I told her she could have the status of primary conservator, but I wanted my time with my daughter. I also told her that with this, it was going to require food and clothing over at my house, as I would imagine she would want the best for her child while with me.
Someone, is going to have to be labeled "primary", as to be able to determine the primary residence for school and state address requirements and records. I told my wife that I would refrain from taking half of her retirement account as I was entitled to, just as she was entitled to half of mine; I let her have the house to continue to reside in, as her income is more than mine, and with her mother there, their combined incomes make it more feasible to keep up with the mortgage. If she sells it, half of the proceeds after satisfying the mortgage goes to me. 

You will find a way to afford it. My sister raised two kids without any spousal support or child support. Dont let yourself become defeated internally, though I certainly realize and understand completely the feeling of being forced into a part-time daddy status, and what all caused that to be the case. Its truly an insult added to a deep injury. 
You can afford it. You WILL afford it. 
Turn that crappy day into a planning day, a day of realization of what it is you want in terms of those kids.
If you have to, you can tell the ex that you have no plans of EVER letting this rest until you are treated fairly in terms of seeing your kids.


----------



## Shoeguy (Jun 23, 2011)

Thanks Shoo,

I hear you loud and clear. I have already started to do the planning on how to make it happen. I stopped feeling sorry and started looking at where my last pay check went and it did have a dental bill and a few other one time items that will not hit again next month.
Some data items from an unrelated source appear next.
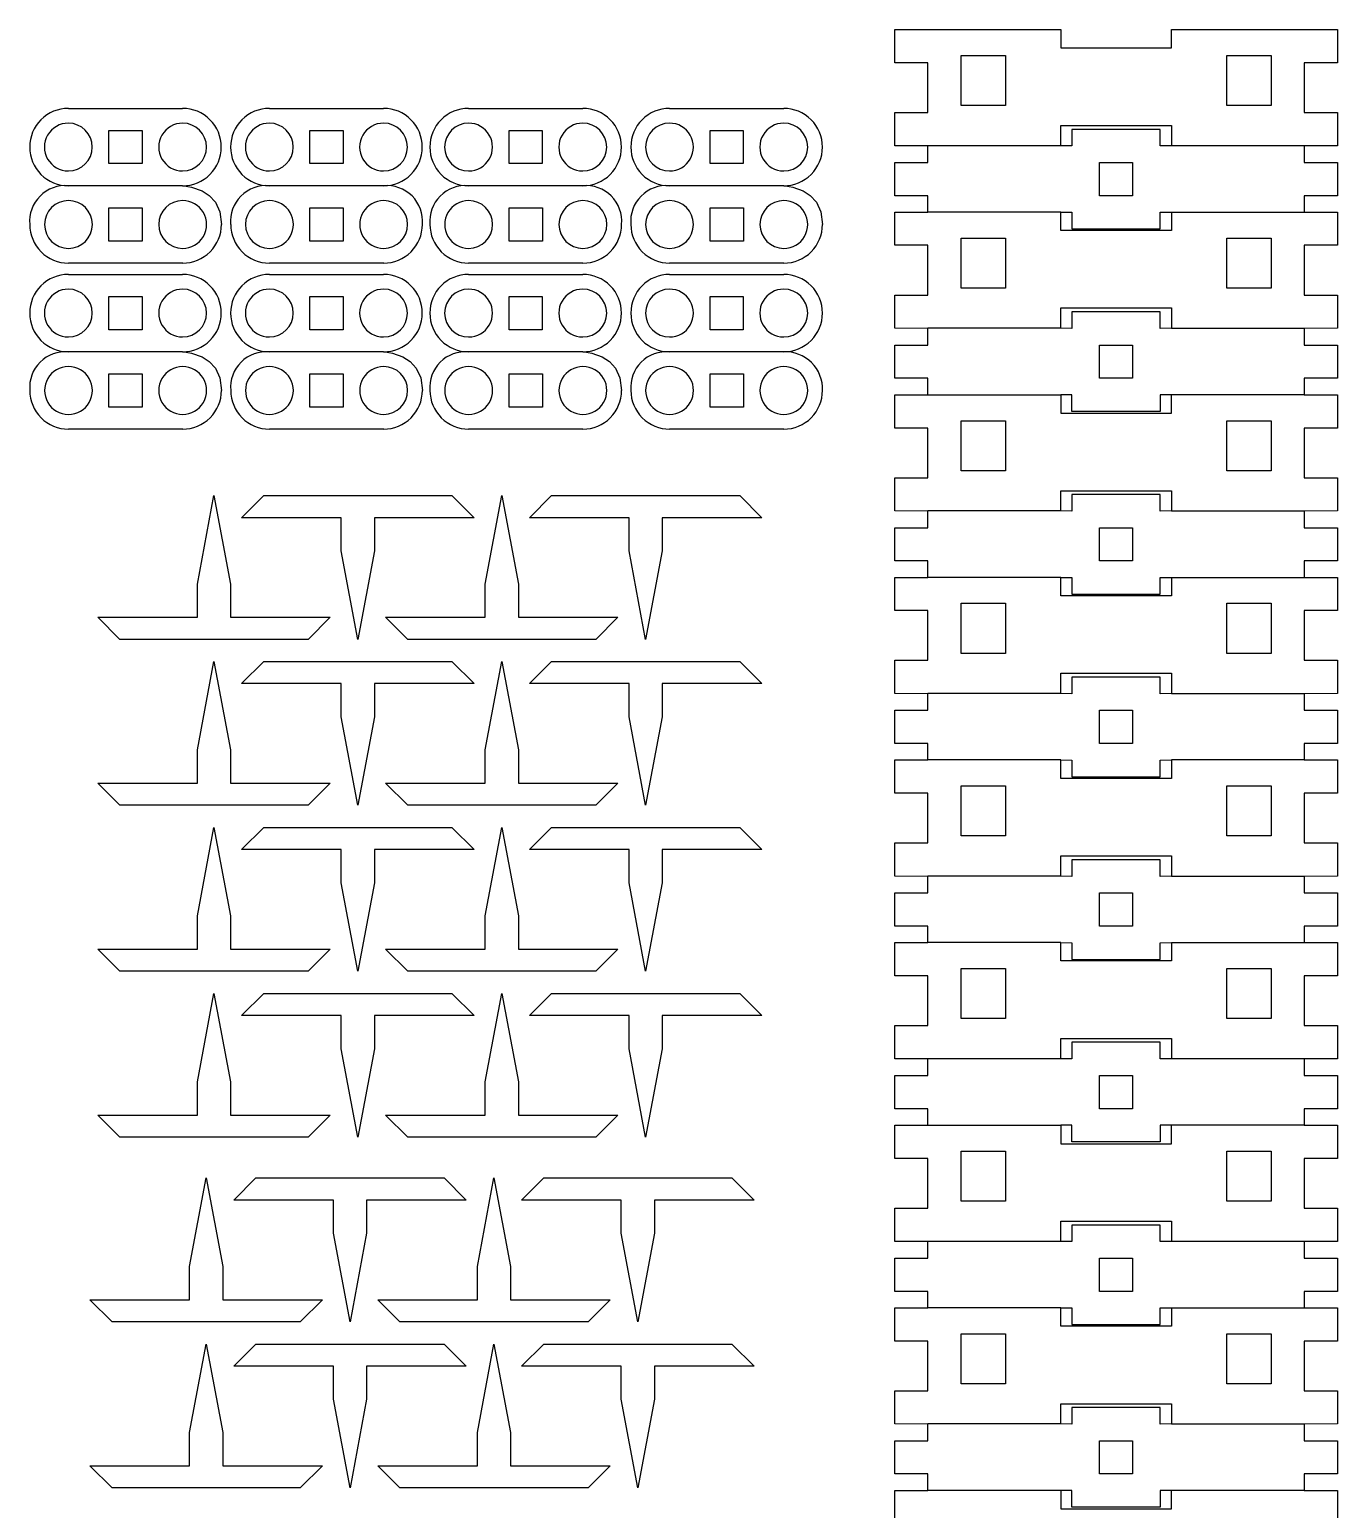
# Model space of a CAD drawing. Header units: millimetres. Extents: x -2305 to 1184, y -190 to 1638.
# Drawn here: x -1852.1 to -1674.9, y 32.1 to 232.6 of the extents above; entities that cross this region are included whole.
import ezdxf

# ---------------------------------------------------------------- set-up
doc = ezdxf.new("R2010")
doc.units = ezdxf.units.MM

msp = doc.modelspace()

# ---------------------------------------------------------------- linework, layer by layer
at = {"color": 7, "linetype": 'Continuous'}
for p, q in [((-1734.91, 228.11), (-1734.91, 232.61)), ((-1734.91, 232.61), (-1730.41, 232.61)), ((-1730.41, 232.61), (-1712.42, 232.61)), ((-1712.42, 232.61), (-1712.42, 230.12)), ((-1697.43, 230.12), (-1697.43, 232.61)), ((-1697.43, 232.61), (-1679.44, 232.61)), ((-1679.44, 232.61), (-1674.94, 232.61)), ((-1674.94, 232.61), (-1674.94, 228.11)), ((-1725.92, 229.1), (-1719.92, 229.1)), ((-1725.92, 222.32), (-1725.92, 229.1)), ((-1719.92, 229.1), (-1719.92, 222.32)), ((-1712.42, 230.12), (-1697.43, 230.12)), ((-1689.93, 229.1), (-1683.93, 229.1)), ((-1689.93, 222.32), (-1689.93, 229.1)), ((-1683.93, 229.1), (-1683.93, 222.32)), ((-1730.41, 228.11), (-1734.91, 228.11)), ((-1730.41, 221.37), (-1730.41, 228.11)), ((-1674.94, 228.11), (-1679.44, 228.11)), ((-1679.44, 228.11), (-1679.44, 221.37)), ((-1846.86, 221.93), (-1831.38, 221.93)), ((-1819.63, 221.93), (-1804.16, 221.93)), ((-1792.64, 221.93), (-1777.17, 221.93)), ((-1765.42, 221.93), (-1749.94, 221.93)), ((-1734.91, 216.87), (-1734.91, 221.37)), ((-1734.91, 221.37), (-1730.41, 221.37)), ((-1719.92, 222.32), (-1725.92, 222.32)), ((-1683.93, 222.32), (-1689.93, 222.32)), ((-1679.44, 221.37), (-1674.94, 221.37)), ((-1674.94, 221.37), (-1674.94, 216.87)), ((-1841.37, 218.94), (-1836.87, 218.94)), ((-1841.37, 214.44), (-1841.37, 218.94)), ((-1836.87, 218.94), (-1836.87, 214.44)), ((-1814.15, 218.94), (-1809.64, 218.94)), ((-1814.15, 214.44), (-1814.15, 218.94)), ((-1809.64, 218.94), (-1809.64, 214.44)), ((-1787.16, 218.94), (-1782.65, 218.94)), ((-1787.16, 214.44), (-1787.16, 218.94)), ((-1782.65, 218.94), (-1782.65, 214.44)), ((-1759.93, 218.94), (-1755.43, 218.94)), ((-1759.93, 214.44), (-1759.93, 218.94)), ((-1755.43, 218.94), (-1755.43, 214.44)), ((-1712.42, 216.87), (-1712.42, 219.62)), ((-1712.42, 219.62), (-1697.43, 219.62)), ((-1698.93, 219.09), (-1710.92, 219.09)), ((-1710.92, 219.09), (-1710.92, 216.84)), ((-1698.93, 216.84), (-1698.93, 219.09)), ((-1697.43, 219.62), (-1697.43, 216.87)), ((-1730.41, 216.84), (-1734.91, 216.87)), ((-1712.42, 216.87), (-1730.41, 216.87)), ((-1730.41, 214.59), (-1730.41, 216.84)), ((-1710.92, 216.84), (-1712.42, 216.87)), ((-1697.43, 216.87), (-1698.93, 216.84)), ((-1679.44, 216.84), (-1697.43, 216.84)), ((-1674.94, 216.87), (-1679.44, 216.84)), ((-1679.44, 216.84), (-1679.44, 214.59)), ((-1836.87, 214.44), (-1841.37, 214.44)), ((-1809.64, 214.44), (-1814.15, 214.44)), ((-1782.65, 214.44), (-1787.16, 214.44)), ((-1755.43, 214.44), (-1759.93, 214.44)), ((-1734.91, 210.09), (-1734.91, 214.59)), ((-1734.91, 214.59), (-1730.41, 214.59)), ((-1707.18, 214.59), (-1702.68, 214.59)), ((-1707.18, 210.09), (-1707.18, 214.59)), ((-1702.68, 214.59), (-1702.68, 210.09)), ((-1679.44, 214.59), (-1674.94, 214.59)), ((-1674.94, 214.59), (-1674.94, 210.09)), ((-1831.38, 211.44), (-1846.86, 211.44)), ((-1804.16, 211.44), (-1819.63, 211.44)), ((-1777.17, 211.44), (-1792.64, 211.44)), ((-1749.94, 211.44), (-1765.42, 211.44)), ((-1730.41, 210.09), (-1734.91, 210.09)), ((-1730.41, 207.87), (-1730.41, 210.09)), ((-1702.68, 210.09), (-1707.18, 210.09)), ((-1674.94, 210.09), (-1679.44, 210.09)), ((-1679.44, 210.09), (-1679.44, 207.87)), ((-1841.36, 208.46), (-1836.85, 208.46)), ((-1841.36, 203.95), (-1841.36, 208.46)), ((-1836.85, 208.46), (-1836.85, 203.95)), ((-1814.13, 208.46), (-1809.63, 208.46)), ((-1814.13, 203.95), (-1814.13, 208.46)), ((-1809.63, 208.46), (-1809.63, 203.95)), ((-1787.14, 208.46), (-1782.64, 208.46)), ((-1787.14, 203.95), (-1787.14, 208.46)), ((-1782.64, 208.46), (-1782.64, 203.95)), ((-1759.92, 208.46), (-1755.41, 208.46)), ((-1759.92, 203.95), (-1759.92, 208.46)), ((-1755.41, 208.46), (-1755.41, 203.95)), ((-1734.91, 203.37), (-1734.91, 207.87)), ((-1734.91, 207.87), (-1730.41, 207.87)), ((-1712.42, 207.87), (-1730.41, 207.87)), ((-1712.42, 205.38), (-1712.42, 207.87)), ((-1712.42, 207.87), (-1710.92, 207.85)), ((-1710.92, 207.85), (-1710.92, 205.6)), ((-1698.93, 207.85), (-1697.43, 207.87)), ((-1698.93, 205.6), (-1698.93, 207.85)), ((-1697.43, 207.87), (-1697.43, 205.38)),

The kids along with my mother are going to Maryland this weekend to see some of my cousins. It will be a nice four day weekend away from town. Over the weekend I will ask both of them if they would like to spend more time with me at my place and see what they say. I don't want to make them spend time at my place if they truely want to be over at the ex's. It is a much nicer and larger house then my humble house. If they don't I'm not sure what I'll do at that point. Probably nothing.

Maybe if I get 50/50 my support payment would go down. I doubt it but I guess it doesn't hurt to ask. Although my lawyer is $175/hour and a min of 12 minutes so $35 to ask. Well worth it in my opinion. If my support went down here straw house would collapse. She is trying to live in the larger house which she can barely afford even with my support payments.

I will make it through today and looking forward to volunteering tonight and then I have the divorce group tomorrow.

Thanks

shoeguy


----------



## Shoeguy (Jun 23, 2011)

Well I reached out to the attorney to see if I can submit to amend the parential agreement and if I do get 50/50 custody does the support change. I read up on the Ohio child support laws and one of the criteria they take into account is the time the child is with each parent. That would lead me to beleive the support would go down if I spent more time with them.

I have mixed feelings about the support changing. If it does change I will have more money to raise the kids but it will also cause hardship on my ex. I know you will say that it is ok because you are now divorced but I just have these lingering feeling to protect her. I took those vows and right now I think I've abandoned her somehow. I can't seem to get over the feeling that she is still my best friend and just confused about everything going on. She has not stepped back and looked at the whole picture. Man this stinks thinking that way.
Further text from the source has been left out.